Ok, so how does it work? Which stemming algorithm?

It's not helpful unless we know what it's doing under the covers.

repsilat · on June 24, 2018

I disagree. For use as a tool, for some use-cases, if it "works as advertised," all we really need to know is whether it's efficient enough for our purposes.

One (horrible) use for something like this is in a framework like Rails, where there's a cultural acceptance of making method and field names by pluralising and conjugating etc.

In Rails if your `House` model has a one-to-many relationship with your `Mouse` model, a `house` object probably automatically gets a `.mice` field. That sort of thing can be done with extensive rule sets, or it can be done with a black-box library.

Of course it's a horrible use-case, and you'll probably always need to deal with ambiguity and context, but for that sort of thing the implementation details aren't nearly as relevant as "the dimensions of the black box" -- how quickly does it run, how quickly does it start up, how much memory does it use, how good at its job is it, and which languages does/can it be made to support?

sanjayaksaxena1 · on June 25, 2018

The lemmatizer is an adaptation of https://wordnet.princeton.edu/documentation/morphy7wn. It conjugates the verb and adjectives to their base form, whereas the plural nouns are converted to singular form. The wink-pos-tagger (https://github.com/winkjs/wink-pos-tagger) leverages the lemmatizer to automatically find lemma of each word as per its part of speech.

For stemming, we have wink-porter2-stemmer (https://github.com/winkjs/wink-porter2-stemmer) that uses Porter Stemmer Algorithm V2 by Dr Martin F Porter.

saagarjha · on June 24, 2018

It would be really cool if they had a live demo to try it out on their site.

tomjakubowski · on June 24, 2018

Here you go. This works for many npm packages. https://npm.runkit.com/wink-lemmatizer

slx26 · on June 24, 2018

any plans for multi-language support?

EmilStenstrom · on June 24, 2018

This is really needed in the NLP world. Most things are english only.

_r5wf · on June 24, 2018

Good luck with Turkish. A very large lookup table may work for %90 cases but it will still fail. A basic `true` lemmatizer requires either a complex graph with rules, or an FST generated from it. input is searched through the graph and morphological disambiguator must be applied to result to pick the correct lemma.

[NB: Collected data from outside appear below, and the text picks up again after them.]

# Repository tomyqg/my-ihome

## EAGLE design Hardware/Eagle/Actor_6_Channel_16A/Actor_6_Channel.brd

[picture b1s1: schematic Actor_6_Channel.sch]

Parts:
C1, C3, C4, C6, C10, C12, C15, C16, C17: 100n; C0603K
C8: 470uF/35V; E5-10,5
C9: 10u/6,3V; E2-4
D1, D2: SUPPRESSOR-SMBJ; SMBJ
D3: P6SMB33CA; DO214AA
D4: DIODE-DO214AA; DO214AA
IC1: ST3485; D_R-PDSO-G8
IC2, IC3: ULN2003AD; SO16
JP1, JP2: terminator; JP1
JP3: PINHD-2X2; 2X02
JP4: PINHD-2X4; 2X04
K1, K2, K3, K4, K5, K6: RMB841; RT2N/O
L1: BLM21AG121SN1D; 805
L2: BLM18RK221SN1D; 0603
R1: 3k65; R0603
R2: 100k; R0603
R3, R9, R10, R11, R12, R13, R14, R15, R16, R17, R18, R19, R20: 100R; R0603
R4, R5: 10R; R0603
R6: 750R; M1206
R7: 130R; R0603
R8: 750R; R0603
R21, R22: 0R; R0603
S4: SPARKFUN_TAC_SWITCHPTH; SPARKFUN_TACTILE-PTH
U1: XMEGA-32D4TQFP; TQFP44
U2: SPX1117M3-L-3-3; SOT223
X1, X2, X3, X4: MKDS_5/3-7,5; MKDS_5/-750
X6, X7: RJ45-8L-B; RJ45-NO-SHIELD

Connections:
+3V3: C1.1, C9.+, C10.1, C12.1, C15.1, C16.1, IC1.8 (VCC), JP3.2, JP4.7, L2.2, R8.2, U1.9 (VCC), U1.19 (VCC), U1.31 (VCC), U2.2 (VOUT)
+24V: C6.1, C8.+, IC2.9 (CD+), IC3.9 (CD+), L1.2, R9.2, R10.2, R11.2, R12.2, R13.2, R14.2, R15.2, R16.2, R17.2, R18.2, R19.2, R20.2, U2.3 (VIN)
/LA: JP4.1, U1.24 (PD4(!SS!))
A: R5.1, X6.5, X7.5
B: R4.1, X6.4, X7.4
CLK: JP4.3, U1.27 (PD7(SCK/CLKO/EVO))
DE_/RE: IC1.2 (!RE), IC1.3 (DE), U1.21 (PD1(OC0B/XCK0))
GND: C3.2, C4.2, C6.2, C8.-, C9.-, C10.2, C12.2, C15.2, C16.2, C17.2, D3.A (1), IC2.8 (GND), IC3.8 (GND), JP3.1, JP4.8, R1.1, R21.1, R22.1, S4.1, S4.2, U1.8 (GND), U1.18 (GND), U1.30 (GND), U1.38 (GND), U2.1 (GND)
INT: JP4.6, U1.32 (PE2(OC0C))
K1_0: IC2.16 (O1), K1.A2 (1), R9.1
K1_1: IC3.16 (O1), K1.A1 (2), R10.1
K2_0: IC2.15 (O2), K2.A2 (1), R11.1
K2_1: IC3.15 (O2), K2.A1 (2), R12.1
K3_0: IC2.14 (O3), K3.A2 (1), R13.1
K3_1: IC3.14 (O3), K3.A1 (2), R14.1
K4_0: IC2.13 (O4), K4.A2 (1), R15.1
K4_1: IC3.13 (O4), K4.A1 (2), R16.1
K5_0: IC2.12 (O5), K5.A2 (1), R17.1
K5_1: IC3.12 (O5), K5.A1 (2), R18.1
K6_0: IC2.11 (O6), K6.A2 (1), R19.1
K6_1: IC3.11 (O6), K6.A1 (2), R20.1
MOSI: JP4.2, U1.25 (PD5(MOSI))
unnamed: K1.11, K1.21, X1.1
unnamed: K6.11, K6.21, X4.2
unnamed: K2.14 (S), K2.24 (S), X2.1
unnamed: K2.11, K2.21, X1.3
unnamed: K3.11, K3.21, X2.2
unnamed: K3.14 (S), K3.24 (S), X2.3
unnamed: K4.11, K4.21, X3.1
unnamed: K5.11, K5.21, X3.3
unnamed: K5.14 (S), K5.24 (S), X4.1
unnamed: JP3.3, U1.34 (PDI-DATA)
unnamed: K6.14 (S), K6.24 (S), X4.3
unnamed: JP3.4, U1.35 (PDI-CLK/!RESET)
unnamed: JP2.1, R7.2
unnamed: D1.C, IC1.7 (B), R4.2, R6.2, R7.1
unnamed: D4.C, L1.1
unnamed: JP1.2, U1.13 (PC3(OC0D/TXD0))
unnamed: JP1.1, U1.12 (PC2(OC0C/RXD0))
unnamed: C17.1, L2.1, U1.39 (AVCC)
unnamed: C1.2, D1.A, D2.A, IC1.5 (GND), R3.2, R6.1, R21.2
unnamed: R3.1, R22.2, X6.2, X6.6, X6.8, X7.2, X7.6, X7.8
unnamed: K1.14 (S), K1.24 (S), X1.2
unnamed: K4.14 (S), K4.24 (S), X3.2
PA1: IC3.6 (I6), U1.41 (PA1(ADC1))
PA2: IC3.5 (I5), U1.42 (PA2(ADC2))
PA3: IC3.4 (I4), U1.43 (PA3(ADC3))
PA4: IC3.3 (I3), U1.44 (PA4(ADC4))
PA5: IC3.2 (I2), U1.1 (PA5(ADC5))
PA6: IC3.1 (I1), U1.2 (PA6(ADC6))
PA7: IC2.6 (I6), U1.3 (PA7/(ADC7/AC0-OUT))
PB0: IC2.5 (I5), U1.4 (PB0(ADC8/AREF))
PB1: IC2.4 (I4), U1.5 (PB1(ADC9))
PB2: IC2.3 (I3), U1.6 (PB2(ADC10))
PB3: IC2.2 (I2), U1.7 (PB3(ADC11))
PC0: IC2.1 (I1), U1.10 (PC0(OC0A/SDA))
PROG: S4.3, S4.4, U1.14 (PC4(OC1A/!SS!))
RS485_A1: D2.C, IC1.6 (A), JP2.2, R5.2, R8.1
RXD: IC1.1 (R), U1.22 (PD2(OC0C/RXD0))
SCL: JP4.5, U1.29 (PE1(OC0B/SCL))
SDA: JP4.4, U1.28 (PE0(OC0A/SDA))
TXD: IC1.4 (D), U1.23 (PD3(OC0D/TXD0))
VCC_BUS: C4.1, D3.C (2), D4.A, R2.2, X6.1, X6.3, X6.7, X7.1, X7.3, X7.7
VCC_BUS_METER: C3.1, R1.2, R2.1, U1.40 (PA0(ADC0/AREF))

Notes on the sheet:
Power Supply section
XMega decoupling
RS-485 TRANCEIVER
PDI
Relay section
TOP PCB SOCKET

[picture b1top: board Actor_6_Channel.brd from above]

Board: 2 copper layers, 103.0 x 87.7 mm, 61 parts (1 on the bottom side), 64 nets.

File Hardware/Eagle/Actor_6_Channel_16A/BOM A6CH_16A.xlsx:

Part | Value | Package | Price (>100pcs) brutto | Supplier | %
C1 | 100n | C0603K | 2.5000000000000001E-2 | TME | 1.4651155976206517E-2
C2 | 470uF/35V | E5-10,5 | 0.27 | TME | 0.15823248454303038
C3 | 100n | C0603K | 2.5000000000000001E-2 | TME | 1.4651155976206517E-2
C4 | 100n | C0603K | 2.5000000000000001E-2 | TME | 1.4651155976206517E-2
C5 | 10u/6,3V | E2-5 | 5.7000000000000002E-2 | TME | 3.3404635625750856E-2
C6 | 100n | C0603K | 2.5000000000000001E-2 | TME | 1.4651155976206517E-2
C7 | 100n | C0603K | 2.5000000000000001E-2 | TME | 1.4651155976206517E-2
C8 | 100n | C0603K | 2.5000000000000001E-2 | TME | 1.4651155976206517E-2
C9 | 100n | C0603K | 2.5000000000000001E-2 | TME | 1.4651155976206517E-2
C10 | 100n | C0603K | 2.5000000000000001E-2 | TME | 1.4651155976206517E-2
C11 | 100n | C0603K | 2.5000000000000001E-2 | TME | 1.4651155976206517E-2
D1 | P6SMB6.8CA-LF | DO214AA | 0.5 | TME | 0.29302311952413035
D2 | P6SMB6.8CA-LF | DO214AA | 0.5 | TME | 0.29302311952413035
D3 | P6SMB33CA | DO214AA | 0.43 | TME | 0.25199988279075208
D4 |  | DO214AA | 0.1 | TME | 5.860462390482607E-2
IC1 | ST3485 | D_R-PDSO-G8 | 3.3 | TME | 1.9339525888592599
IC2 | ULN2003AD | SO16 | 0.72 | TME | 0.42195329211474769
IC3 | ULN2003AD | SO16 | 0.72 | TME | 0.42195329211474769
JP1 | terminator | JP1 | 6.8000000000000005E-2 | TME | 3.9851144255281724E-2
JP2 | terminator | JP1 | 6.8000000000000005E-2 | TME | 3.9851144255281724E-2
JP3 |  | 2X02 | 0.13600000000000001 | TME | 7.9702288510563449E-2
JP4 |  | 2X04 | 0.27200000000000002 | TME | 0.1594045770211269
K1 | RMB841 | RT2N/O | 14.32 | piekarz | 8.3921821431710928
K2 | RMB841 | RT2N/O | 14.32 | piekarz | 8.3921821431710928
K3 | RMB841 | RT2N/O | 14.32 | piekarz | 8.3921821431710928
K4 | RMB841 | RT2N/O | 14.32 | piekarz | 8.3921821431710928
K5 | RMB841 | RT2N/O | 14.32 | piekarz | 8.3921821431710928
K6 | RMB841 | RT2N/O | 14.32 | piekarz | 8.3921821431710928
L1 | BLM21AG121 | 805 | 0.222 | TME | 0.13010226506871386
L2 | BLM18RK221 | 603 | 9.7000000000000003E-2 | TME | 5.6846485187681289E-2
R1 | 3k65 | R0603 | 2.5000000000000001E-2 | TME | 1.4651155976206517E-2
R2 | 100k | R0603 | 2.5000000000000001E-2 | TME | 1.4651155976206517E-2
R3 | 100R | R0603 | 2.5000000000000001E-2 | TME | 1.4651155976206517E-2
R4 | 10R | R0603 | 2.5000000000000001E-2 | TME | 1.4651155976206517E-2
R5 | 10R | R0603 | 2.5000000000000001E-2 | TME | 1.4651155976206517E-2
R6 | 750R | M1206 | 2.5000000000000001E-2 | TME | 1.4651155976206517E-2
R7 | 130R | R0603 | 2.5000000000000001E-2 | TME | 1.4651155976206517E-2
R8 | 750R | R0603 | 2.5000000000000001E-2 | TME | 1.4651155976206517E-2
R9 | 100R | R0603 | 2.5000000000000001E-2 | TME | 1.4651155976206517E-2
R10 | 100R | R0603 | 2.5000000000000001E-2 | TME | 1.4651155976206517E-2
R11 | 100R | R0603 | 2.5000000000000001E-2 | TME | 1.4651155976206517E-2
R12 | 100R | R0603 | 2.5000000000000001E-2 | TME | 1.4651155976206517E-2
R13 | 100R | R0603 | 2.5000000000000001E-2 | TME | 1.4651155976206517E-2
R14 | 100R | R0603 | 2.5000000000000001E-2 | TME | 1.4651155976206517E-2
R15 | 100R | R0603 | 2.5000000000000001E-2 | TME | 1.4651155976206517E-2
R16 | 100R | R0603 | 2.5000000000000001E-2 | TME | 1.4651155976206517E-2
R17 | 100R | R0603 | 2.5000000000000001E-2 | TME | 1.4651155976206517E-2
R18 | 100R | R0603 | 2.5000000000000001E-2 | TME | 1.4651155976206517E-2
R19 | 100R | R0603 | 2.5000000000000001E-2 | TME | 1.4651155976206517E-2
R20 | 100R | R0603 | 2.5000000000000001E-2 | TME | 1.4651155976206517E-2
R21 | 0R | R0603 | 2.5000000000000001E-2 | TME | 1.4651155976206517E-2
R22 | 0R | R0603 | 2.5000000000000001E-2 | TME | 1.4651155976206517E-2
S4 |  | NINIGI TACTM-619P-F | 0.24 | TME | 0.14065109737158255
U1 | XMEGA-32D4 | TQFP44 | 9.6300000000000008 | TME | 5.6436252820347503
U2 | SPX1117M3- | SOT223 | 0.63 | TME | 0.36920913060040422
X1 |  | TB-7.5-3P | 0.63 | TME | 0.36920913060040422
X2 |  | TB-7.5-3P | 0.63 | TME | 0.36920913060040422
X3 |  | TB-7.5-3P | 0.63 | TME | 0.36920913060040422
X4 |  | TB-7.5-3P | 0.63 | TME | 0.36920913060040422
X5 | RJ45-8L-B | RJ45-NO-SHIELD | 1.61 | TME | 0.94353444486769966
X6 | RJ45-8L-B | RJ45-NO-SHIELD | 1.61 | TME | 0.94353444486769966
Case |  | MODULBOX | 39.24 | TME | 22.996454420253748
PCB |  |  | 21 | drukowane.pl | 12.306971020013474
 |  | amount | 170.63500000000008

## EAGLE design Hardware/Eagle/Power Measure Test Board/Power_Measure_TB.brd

DFHippie · on June 24, 2018

Or Welsh. You want a canonical form for "wnaethpwyd"? Try "gwneud"! Some regexes and an exceptions list isn't going to cut it.

The more a language needs a lemmatizer for NLP the harder it is to write it.

tomjakubowski · on June 24, 2018

Could someone explain what's hard in particular about canonical forms in Welsh?

wyldfire · on June 24, 2018

spaCy excels here. English, German, Portuguese, and more.

slx26 · on June 24, 2018

I can personally suggest FreeLing [nlp.lsi.upc.edu/freeling]. It supports most languages in the iberian peninsula (spanish, portuguese, catalan (including multiple dialects), galician), and then it also includes english, italian, french, german, russian, croatian and slovene. It's also more flexible than other tools if you need to go outside those languages and customize something.

sanjayaksaxena1 · on June 25, 2018

As of now wink-tokenizer (https://github.com/winkjs/wink-tokenizer) supports multiple scripts, therefore, it can also tokenize sentences in languages like Hindi, Marathi, French, German etc. We are working on extending multi-lingual support to other components including this lemmatizer.